Esse clima de tensão repercutiu na gestão e continuidade do sistema de parceria e contribuiu para a sua decadência. A rebelião fomentou matérias positivas e negativas, ocupando espaço nas primeiras páginas dos jornais suíços e germânicos. Devido aos problemas ocorridos nas colônias de parceria e sua repercussão na Europa, esse sistema foi sendo gradualmente abandonado, chegando quase a desaparecer na década de 1870.

Essa iniciativa do senador Vergueiro colaborou para que os fazendeiros da província de São Paulo acreditassem na substituição da mão de obra escrava pela livre, importando grande quantidade de italianos para a lavoura do café, principalmente no final do século 19.

O que aconteceu aos colonos que se revoltaram? Qual a sua contribuição para o desenvolvimento do Brasil?

Creio que já mencionei algo sobre o destino dos líderes. No entanto, a revolta e suas repercussões tiveram efeitos interessantes no aprendizado, ou melhor, no amadurecimento do relacionamento entre as classes, na movimentação dos legisladores no sentido de adequar as leis do país para que a imigração europeia pudesse ter continuidade, em que pese a submissão dos deputados e senadores aos barões do café e da Igreja Católica, cuja influência era indiscutível nos destinos do país. Em minha modesta opinião, o balanço de toda essa problemática foi positivo.

Descendentes de imigrantes de Schleswig-Holstein
Descendentes de imigrantes de Schleswig-HolsteinFoto: Carlota Schmidt Memorial Center

Apesar das dificuldades e da luta pelos interesses entre as classes, o Brasil continuou a importar imigrantes que contribuíram com o desenvolvimento do país em todos os sentidos e essa ação foi responsável pela "Libertação dos Escravos".

Qual o trabalho do Carlota Schmidt Memorial Center?
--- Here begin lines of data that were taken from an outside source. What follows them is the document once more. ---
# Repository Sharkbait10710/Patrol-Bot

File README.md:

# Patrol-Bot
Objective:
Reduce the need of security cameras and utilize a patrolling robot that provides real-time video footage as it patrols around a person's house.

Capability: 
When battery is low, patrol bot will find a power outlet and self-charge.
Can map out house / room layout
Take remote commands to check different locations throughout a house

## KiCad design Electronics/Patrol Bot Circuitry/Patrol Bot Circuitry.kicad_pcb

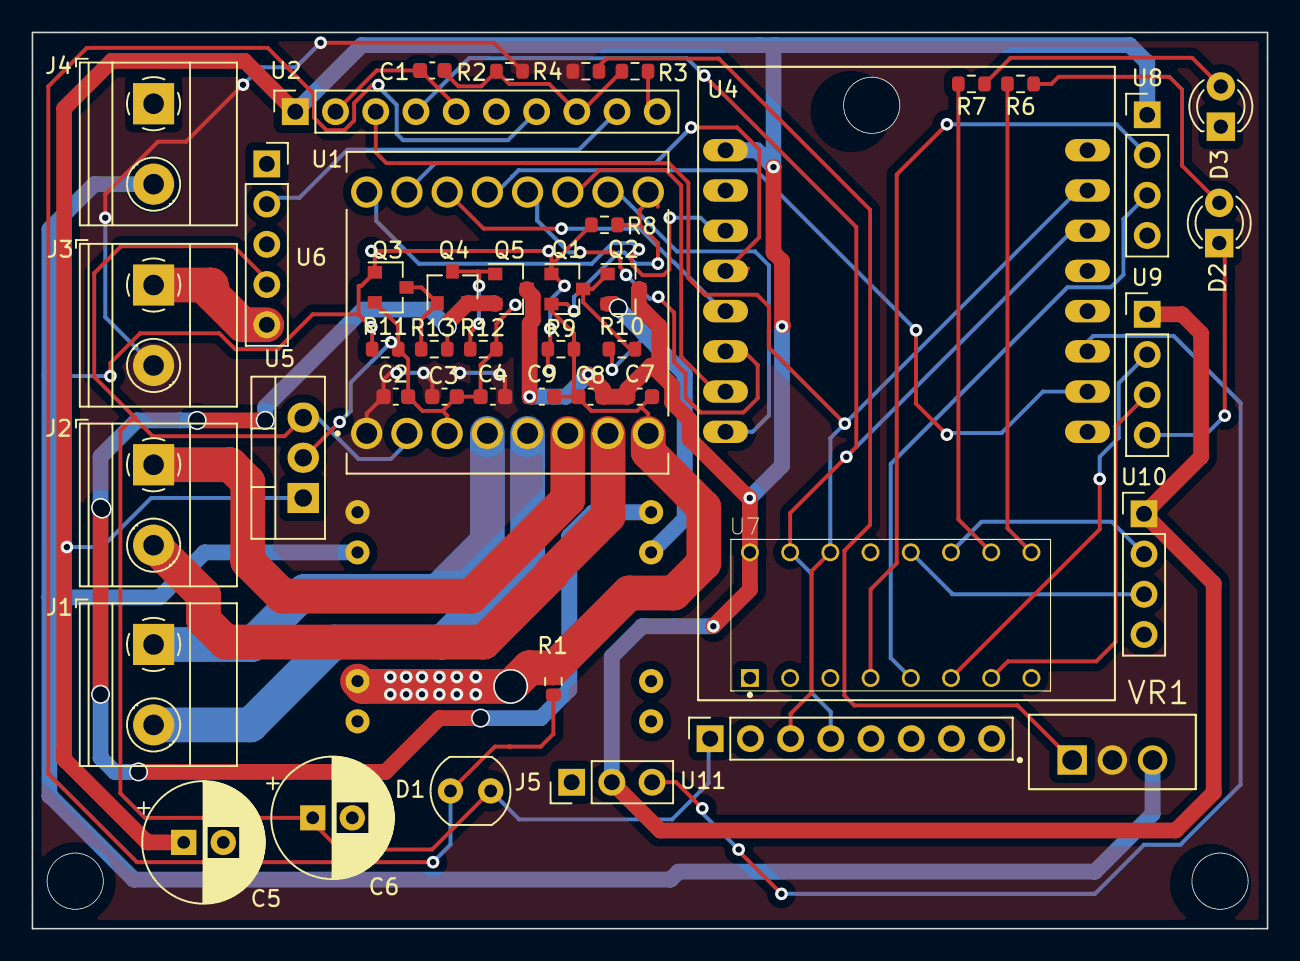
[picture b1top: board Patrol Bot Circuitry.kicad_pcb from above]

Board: 2 copper layers, 78.0 x 56.6 mm, 46 parts (1 on the bottom side), 38 nets.

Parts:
C1, C4, C7: 0.47u; C_0603_1608Metric
C2: 0.01n; C_0603_1608Metric
C3, C8: 0.1u; C_0603_1608Metric
C5, C6: 470u; CP_Radial_D7.5mm_P2.50mm
C9: 0.01u; C_0603_1608Metric
D1: D_Photo; R_LDR_4.9x4.2mm_P2.54mm_Vertical
D2, D3: LED; LED_D3.0mm
J1: Left_Motor; TerminalBlock_Phoenix_MKDS-1,5-2-5.08_1x02_P5.08mm_Horizont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
J2: Right_Motor; TerminalBlock_Phoenix_MKDS-1,5-2-5.08_1x02_P5.08mm_Horizont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
J3: Battery; TerminalBlock_Phoenix_MKDS-1,5-2-5.08_1x02_P5.08mm_Horizont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
J4: AC_DC_10V; TerminalBlock_Phoenix_MKDS-1,5-2-5.08_1x02_P5.08mm_Horizont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
J5: Servo Motor; PinHeader_1x03_P2.54mm_Vertical
Q1, Q3: Q_NMOS_GSD; SOT-23
Q2, Q4, Q5: Q_PMOS_GSD; SOT-23
R1, R3: 200K; R_0603_1608Metric
R2: 620K; R_0603_1608Metric
R4: 2K; R_0603_1608Metric
R6, R7: 300; R_0603_1608Metric
R8, R9, R10, R11, R12, R13: 200k; R_0603_1608Metric
U1: ROB-14450; MODULE_ROB-14450
U2: ADS1115; PinSocket_1x10_P2.54mm_Vertical
U3: MP1584EN
U4: ESP32-CAM
U5: LM2931-3.3_TO220; TO-220-3_Vertical
U6: MAX9814; PinSocket_1x05_P2.54mm_Vertical
U7: PCF8574; DIP794W45P254L1969H508Q16
U8, U9, U10: HC-SR04; PinHeader_1x04_P2.54mm_Vertical
U11: MPU-6050; PinSocket_1x08_P2.54mm_Vertical
VR1: LM317T_NOPB; TO254P1054X470X1955-3

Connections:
+5V: C5.1, C7.1, C8.1, C9.1, J5.2, Q2.3, Q5.3, U2.1, U4.P$1, U5.1, U7.16, U8.1, U9.1, U10.1
+10V: J4.2, Q1.1, Q3.1, R8.1, R9.1, R11.1, U3.7, VR1.3
/3.3V: C6.1, D1.2, U1.2, U5.3, U6.4, U11.1
/A1: C1.2, R2.2, R3.1, U2.8
/A2: U2.9, U6.2
/Battery: C2.2, C3.2, C4.2, J3.2, R2.1, R4.1, U1.1, U3.8, VR1.2
/IO1: U1.13, U4.P$10
/IO3: J5.3, U4.P$11
/SCL: U2.3, U4.P$15, U7.14, U11.3
/SDA: U2.4, U4.P$14, U7.15, U11.4
GND: C1.1, C2.1, C3.1, C4.1, C5.2, C6.2, C7.2, C8.2, C9.2, D2.1, D3.1, J3.1, J4.1, J5.1, Q1.2, Q3.2, R1.2, R3.2, R8.2, R9.2, R11.2, R12.2, U1.3, U1.8, U1.9, U2.2, U2.5, U2.10, U3.3, U3.4, U3.5, U3.6, U4.P$9, U5.2, U6.5, U7.1, U7.2, U7.3, U7.8, U8.4, U9.4, U10.4, U11.2, U11.7
unnamed: D1.1, R1.1, U2.7
unnamed: D2.2, R6.1
unnamed: D3.2, R7.1
unnamed: J1.1, U1.4
unnamed: J1.2, U1.5
unnamed: J2.1, U1.6
unnamed: J2.2, U1.7
unnamed: Q1.3, Q2.1, R10.2
unnamed: Q2.2, R10.1, U3.2
unnamed: Q3.3, Q4.1, R13.2
unnamed: Q4.2, Q5.2, R13.1, U3.1
unnamed: Q4.3, Q5.1, R12.1
unnamed: R4.2, VR1.1
unnamed: R6.2, U7.9
unnamed: R7.2, U7.10
unnamed: U1.10, U4.P$8
unnamed: U1.11, U4.P$7
unnamed: U1.12, U4.P$6
unnamed: U1.14, U4.P$5
unnamed: U1.15, U4.P$4
unnamed: U1.16, U4.P$3
unnamed: U7.4, U8.2
unnamed: U7.5, U8.3
unnamed: U7.6, U9.2
unnamed: U7.7, U9.3
unnamed: U7.11, U10.2
unnamed: U7.12, U10.3

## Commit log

2021-11-18 Updated Materials
2021-11-20 Started KiCAD Schematic
    Altium is annoying, so I'm using KiCAD
2021-11-26 A lot
2021-12-07 Circuit Update
2021-12-14 Reorganized schematic to aid debugging.
2021-12-15 Finished debugging schematic
2021-12-17 Finish PCB Board
    Still needs evaluation
2021-12-23 CAD Upload 1
2021-12-23 CAD Upload 2
2021-12-23 CAD Upload 3
2021-12-24 CAD Upload 4
2021-12-25 Software Upload 1
2021-12-25 Sofware Upload 2
2021-12-26 Software Uplode 3
2021-12-26 Software Upload 4
2021-12-28 Software Update 5
2021-12-28 Validation 1
2021-12-29 Fixed Power Management Switches
2022-01-02 Redesigned PCB / Mechanical Drawing
    ESP32-cam not connecting to Wifi -> must DEBUG
2022-01-04 GUI is All Setup for Data and Camera Acquisition
    Ready to purchase remaining components
2022-01-06 Software Upload 6
2022-01-07 Software Upload 7
2022-01-07 Corrected Software Mistakes 1
2022-01-10 Added XY Plot
2022-04-07 Save

O Carlota Schmidt Memorial Center é um banco de dados que guarda documentos originais e cópias alusivas à imigração europeia pelo sistema de parceria. O banco é constituído de documentos e imagens captadas em arquivos particulares e oficiais do Brasil, da Alemanha, da Suíça, da Itália e da França.

Estamos empreendendo esforços para aquisição de uma área desmembrada de uma fazenda espetacular que mantém a sede, mata com macacos e tucanos, baias de cavalos, casas de colonos e um templo. Trata-se de uma fazenda que abrigou imigrantes alemães em meados do século 19. O espaço será utilizado para abrigar as atividades culturais e o acervo do Carlota Schmidt memorial Center. Se houver algum mecenas interessado, não fazemos questão de receber como doação, mas o próprio investidor pode adquirir a propriedade e fazer um contrato de cessão por cem anos, desde que no local continue a funcionar o Carlota Schmidt Memorial Center.